* [REQUIREMENT]: The answer must be one number: how many lines below contain the word "mechanical".

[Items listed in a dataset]
####
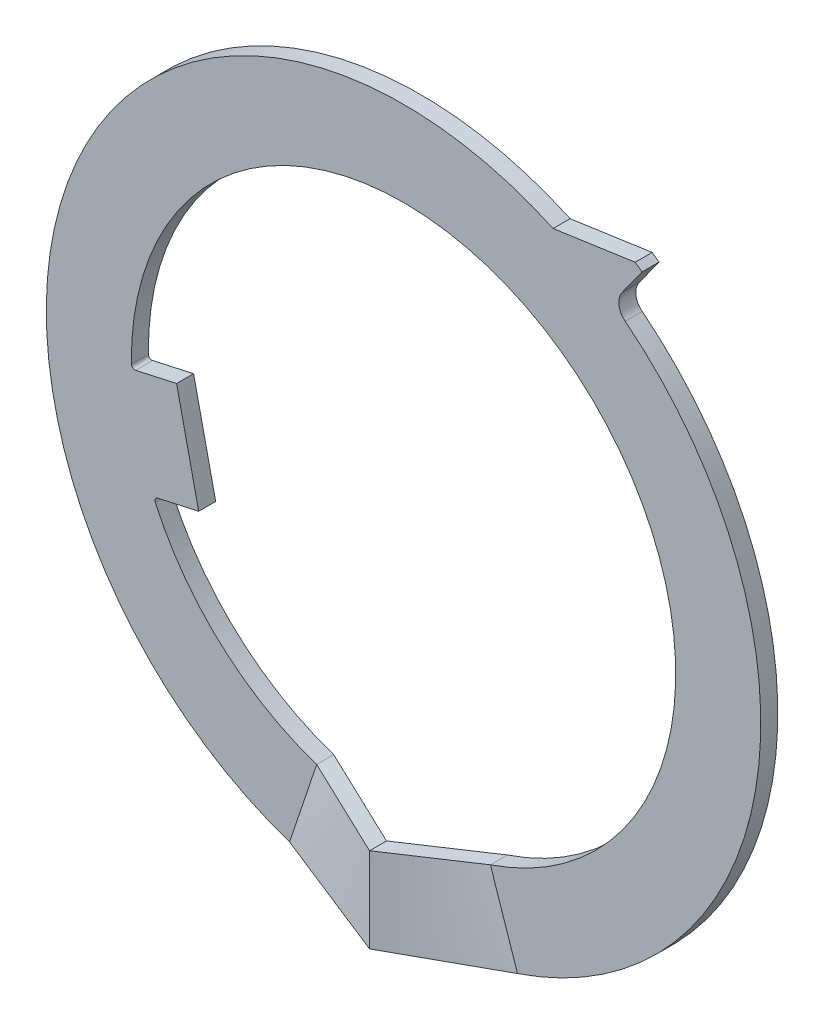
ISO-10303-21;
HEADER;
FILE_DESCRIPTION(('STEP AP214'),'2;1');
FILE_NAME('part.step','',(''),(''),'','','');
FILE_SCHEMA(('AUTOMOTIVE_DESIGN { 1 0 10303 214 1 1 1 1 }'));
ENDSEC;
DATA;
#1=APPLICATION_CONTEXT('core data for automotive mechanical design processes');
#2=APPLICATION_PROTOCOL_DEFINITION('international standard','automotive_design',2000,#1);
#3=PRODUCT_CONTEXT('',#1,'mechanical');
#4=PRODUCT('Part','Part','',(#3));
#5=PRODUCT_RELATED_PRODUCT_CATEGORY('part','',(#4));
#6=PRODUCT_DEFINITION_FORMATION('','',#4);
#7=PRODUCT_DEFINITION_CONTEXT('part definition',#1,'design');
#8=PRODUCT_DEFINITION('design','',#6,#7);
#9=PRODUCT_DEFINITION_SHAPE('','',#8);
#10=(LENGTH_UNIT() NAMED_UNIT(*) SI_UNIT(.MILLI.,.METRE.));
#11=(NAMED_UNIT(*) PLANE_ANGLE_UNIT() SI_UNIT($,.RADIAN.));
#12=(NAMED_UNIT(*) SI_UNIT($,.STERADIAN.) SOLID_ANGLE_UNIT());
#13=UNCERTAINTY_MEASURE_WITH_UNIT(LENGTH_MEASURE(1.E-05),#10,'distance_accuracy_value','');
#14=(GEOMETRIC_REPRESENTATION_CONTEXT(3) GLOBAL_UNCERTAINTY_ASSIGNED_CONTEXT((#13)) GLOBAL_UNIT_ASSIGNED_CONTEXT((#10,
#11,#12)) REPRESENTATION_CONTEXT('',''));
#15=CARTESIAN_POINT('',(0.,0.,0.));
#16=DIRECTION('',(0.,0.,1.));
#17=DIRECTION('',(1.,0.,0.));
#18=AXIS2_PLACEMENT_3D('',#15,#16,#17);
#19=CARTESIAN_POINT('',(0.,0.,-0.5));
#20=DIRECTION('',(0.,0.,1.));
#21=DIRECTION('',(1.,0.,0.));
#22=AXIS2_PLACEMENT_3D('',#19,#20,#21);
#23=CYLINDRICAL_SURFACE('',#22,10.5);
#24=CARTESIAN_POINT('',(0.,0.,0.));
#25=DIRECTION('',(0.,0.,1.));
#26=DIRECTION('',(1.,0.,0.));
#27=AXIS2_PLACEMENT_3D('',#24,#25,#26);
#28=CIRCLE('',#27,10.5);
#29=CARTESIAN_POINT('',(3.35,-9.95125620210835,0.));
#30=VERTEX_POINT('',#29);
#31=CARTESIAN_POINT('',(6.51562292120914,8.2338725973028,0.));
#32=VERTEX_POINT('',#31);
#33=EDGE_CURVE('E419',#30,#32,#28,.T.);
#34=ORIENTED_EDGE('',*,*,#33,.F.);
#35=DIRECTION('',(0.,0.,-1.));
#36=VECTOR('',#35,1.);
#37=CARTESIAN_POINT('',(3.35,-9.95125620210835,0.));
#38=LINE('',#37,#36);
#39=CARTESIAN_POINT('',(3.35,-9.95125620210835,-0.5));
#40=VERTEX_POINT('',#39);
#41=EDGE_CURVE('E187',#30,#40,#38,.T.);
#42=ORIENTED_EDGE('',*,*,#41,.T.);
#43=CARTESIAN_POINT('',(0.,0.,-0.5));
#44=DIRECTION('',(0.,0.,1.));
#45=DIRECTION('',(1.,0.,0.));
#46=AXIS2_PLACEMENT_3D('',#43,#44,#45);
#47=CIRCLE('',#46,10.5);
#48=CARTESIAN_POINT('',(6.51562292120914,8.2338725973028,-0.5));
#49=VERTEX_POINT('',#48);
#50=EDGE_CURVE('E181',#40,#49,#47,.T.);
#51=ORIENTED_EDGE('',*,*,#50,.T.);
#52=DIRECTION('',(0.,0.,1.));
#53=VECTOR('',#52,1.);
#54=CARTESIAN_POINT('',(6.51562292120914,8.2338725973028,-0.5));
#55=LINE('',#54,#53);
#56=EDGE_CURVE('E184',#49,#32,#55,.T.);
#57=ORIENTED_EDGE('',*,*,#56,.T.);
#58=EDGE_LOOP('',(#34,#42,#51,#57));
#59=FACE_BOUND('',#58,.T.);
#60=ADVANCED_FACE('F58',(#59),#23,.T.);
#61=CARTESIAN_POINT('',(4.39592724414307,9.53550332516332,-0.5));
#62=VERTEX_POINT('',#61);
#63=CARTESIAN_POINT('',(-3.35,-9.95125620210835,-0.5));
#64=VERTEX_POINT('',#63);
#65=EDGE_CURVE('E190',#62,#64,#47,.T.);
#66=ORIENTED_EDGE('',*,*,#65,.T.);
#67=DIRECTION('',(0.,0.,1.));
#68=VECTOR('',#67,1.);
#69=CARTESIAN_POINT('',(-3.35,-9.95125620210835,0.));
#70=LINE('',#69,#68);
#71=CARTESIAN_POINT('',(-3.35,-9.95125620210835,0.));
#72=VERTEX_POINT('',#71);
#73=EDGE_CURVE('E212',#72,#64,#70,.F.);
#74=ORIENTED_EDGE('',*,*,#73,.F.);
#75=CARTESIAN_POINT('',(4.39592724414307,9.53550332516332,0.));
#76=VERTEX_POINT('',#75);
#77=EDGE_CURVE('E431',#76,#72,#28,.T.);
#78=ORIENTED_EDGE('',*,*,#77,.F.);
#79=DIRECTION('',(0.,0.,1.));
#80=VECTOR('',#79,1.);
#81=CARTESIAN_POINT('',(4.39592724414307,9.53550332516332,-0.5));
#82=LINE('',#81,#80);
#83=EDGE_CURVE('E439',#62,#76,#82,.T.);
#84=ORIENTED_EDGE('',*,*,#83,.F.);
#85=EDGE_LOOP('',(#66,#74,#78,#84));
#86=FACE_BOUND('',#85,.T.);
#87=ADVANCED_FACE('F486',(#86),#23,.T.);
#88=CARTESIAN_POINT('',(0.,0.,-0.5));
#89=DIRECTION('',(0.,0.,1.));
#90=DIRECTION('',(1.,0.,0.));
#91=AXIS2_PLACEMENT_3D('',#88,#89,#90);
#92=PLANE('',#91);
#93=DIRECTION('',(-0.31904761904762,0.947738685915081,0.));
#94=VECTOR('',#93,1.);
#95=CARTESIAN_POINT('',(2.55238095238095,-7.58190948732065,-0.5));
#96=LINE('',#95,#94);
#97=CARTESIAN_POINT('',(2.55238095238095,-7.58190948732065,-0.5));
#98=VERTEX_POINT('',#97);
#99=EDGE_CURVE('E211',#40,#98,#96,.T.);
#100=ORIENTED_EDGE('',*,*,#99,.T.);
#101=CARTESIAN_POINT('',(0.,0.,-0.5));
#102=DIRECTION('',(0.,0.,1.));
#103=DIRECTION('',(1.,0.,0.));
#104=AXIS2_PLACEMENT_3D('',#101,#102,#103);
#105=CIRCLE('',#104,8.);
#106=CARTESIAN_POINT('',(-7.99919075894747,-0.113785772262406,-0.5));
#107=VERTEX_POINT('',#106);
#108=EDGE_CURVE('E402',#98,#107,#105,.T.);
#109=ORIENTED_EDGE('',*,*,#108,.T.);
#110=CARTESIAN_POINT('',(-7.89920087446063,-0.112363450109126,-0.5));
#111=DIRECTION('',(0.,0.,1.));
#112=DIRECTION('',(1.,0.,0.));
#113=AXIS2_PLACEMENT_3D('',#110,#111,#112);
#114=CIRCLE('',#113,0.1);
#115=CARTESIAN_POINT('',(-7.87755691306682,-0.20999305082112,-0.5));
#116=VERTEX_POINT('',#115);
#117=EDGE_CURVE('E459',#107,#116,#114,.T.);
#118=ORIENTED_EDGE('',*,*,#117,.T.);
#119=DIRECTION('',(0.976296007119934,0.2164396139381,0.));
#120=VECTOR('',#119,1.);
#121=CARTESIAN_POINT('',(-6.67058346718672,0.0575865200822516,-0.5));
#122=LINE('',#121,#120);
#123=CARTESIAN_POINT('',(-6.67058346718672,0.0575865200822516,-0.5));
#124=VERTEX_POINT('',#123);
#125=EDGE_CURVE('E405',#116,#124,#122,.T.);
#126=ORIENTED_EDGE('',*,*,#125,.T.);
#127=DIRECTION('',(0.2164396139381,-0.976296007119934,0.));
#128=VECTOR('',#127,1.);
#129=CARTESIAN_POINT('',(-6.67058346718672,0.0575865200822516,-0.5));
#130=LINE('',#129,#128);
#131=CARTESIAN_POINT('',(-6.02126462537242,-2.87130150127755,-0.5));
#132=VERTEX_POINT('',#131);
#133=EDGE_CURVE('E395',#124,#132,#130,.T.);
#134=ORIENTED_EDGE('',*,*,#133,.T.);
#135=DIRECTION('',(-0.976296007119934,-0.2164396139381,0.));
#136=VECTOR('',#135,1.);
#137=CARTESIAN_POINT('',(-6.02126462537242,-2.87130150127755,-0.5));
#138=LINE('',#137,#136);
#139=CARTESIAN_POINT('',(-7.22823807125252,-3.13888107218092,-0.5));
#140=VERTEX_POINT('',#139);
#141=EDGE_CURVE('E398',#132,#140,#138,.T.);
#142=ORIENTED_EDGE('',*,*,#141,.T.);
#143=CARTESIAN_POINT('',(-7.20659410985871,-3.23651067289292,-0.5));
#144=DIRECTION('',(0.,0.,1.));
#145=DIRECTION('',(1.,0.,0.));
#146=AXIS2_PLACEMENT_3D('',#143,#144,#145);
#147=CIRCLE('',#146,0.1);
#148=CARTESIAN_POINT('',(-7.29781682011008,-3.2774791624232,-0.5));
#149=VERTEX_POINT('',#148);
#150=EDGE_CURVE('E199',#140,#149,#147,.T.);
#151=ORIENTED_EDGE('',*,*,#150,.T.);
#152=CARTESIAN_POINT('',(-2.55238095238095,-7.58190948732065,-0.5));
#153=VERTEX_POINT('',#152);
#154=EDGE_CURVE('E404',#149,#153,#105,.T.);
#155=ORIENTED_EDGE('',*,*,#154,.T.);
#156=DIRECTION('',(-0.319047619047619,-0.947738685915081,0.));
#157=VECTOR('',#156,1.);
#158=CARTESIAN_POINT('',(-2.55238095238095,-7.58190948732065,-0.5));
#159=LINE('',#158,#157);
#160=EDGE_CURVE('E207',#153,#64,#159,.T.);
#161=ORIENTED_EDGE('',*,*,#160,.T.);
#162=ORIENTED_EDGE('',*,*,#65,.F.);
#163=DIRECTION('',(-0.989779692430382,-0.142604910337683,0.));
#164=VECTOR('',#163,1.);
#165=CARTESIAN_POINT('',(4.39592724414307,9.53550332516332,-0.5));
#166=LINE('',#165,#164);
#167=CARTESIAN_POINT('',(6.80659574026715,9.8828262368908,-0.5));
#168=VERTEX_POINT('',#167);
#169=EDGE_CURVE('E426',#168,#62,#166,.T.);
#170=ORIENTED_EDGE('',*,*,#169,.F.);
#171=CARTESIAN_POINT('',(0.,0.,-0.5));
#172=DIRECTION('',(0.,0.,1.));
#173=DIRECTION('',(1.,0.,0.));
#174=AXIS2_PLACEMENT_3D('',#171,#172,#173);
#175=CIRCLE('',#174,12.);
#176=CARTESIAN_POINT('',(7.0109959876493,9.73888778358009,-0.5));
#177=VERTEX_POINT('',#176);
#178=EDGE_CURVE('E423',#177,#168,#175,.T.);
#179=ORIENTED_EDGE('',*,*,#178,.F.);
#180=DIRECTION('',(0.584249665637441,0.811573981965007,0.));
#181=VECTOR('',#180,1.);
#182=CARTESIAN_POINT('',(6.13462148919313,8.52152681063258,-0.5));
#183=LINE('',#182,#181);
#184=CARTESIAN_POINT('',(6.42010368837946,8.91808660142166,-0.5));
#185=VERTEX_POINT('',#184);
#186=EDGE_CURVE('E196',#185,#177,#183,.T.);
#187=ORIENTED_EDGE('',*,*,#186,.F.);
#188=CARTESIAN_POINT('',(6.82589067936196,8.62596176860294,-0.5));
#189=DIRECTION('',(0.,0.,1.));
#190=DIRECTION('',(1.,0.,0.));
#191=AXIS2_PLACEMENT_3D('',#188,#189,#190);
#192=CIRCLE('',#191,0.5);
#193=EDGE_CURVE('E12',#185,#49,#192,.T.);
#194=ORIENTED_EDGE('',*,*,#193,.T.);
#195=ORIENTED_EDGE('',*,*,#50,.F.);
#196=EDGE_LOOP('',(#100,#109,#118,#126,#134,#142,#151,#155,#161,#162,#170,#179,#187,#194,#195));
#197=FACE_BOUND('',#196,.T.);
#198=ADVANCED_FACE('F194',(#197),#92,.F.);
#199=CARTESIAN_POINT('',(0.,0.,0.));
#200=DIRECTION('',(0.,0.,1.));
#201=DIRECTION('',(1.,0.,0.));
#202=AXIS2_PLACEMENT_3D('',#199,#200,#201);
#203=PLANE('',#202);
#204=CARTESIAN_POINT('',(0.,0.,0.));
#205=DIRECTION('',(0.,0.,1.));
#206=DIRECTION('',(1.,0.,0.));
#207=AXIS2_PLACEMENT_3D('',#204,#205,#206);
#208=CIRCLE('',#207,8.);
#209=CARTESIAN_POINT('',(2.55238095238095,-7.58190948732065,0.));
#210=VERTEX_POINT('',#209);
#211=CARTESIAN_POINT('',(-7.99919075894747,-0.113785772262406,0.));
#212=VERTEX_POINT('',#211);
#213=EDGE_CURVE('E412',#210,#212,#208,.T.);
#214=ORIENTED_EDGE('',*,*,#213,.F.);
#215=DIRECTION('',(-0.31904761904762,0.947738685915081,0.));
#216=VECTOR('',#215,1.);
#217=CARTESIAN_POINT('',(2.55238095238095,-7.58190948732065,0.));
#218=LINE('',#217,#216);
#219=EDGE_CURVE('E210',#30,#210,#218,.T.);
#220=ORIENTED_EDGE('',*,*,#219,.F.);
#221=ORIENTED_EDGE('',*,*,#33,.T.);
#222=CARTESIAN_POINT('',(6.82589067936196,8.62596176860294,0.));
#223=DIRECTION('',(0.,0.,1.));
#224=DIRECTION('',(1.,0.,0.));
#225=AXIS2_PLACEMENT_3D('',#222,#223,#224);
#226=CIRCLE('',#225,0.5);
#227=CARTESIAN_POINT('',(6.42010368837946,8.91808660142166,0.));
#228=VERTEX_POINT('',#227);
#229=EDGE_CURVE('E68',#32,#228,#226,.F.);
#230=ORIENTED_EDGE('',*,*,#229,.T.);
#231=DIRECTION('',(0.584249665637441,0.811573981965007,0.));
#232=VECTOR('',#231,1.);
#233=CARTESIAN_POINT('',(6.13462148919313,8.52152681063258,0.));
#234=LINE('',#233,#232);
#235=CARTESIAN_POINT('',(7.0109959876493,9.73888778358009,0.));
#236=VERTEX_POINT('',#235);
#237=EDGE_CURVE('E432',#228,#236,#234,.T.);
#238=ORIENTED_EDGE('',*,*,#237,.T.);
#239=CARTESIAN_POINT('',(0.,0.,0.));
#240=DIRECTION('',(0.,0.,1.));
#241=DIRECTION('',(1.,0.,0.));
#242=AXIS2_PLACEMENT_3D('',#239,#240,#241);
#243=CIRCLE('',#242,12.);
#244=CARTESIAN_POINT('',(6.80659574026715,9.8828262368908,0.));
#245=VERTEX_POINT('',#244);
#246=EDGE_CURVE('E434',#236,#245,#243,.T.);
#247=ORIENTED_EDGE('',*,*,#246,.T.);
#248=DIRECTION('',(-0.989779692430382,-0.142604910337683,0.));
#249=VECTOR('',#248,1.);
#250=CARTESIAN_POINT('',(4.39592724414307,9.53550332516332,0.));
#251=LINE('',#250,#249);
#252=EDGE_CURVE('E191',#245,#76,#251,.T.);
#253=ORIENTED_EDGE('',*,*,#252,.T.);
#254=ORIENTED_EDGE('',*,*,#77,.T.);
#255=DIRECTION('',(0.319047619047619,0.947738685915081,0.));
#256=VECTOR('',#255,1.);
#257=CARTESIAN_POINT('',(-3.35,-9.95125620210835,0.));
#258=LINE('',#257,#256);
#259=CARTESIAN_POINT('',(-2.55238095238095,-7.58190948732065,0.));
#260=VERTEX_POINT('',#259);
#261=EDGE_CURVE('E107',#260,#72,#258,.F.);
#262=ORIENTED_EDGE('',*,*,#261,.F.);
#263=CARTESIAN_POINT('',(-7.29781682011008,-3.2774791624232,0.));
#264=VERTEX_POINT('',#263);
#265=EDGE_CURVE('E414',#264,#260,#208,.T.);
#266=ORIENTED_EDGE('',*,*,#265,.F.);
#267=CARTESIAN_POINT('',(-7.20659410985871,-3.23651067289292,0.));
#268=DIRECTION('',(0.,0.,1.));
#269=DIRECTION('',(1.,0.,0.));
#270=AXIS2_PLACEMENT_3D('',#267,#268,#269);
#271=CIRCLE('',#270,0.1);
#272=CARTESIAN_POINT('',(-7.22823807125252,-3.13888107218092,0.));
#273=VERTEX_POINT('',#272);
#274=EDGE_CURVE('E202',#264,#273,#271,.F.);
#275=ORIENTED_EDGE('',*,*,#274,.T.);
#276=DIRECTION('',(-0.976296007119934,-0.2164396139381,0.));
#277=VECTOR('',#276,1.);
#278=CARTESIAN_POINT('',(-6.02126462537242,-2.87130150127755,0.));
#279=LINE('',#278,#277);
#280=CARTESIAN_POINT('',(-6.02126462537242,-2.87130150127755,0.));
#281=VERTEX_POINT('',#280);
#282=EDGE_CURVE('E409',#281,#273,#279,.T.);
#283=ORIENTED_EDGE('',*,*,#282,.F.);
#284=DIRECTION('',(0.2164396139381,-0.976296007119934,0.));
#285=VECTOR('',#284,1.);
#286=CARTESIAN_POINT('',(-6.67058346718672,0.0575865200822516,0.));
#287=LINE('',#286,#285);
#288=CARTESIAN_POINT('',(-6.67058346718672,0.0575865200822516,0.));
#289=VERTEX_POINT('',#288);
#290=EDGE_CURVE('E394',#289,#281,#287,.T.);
####
* [ANSWER BELOW]: 2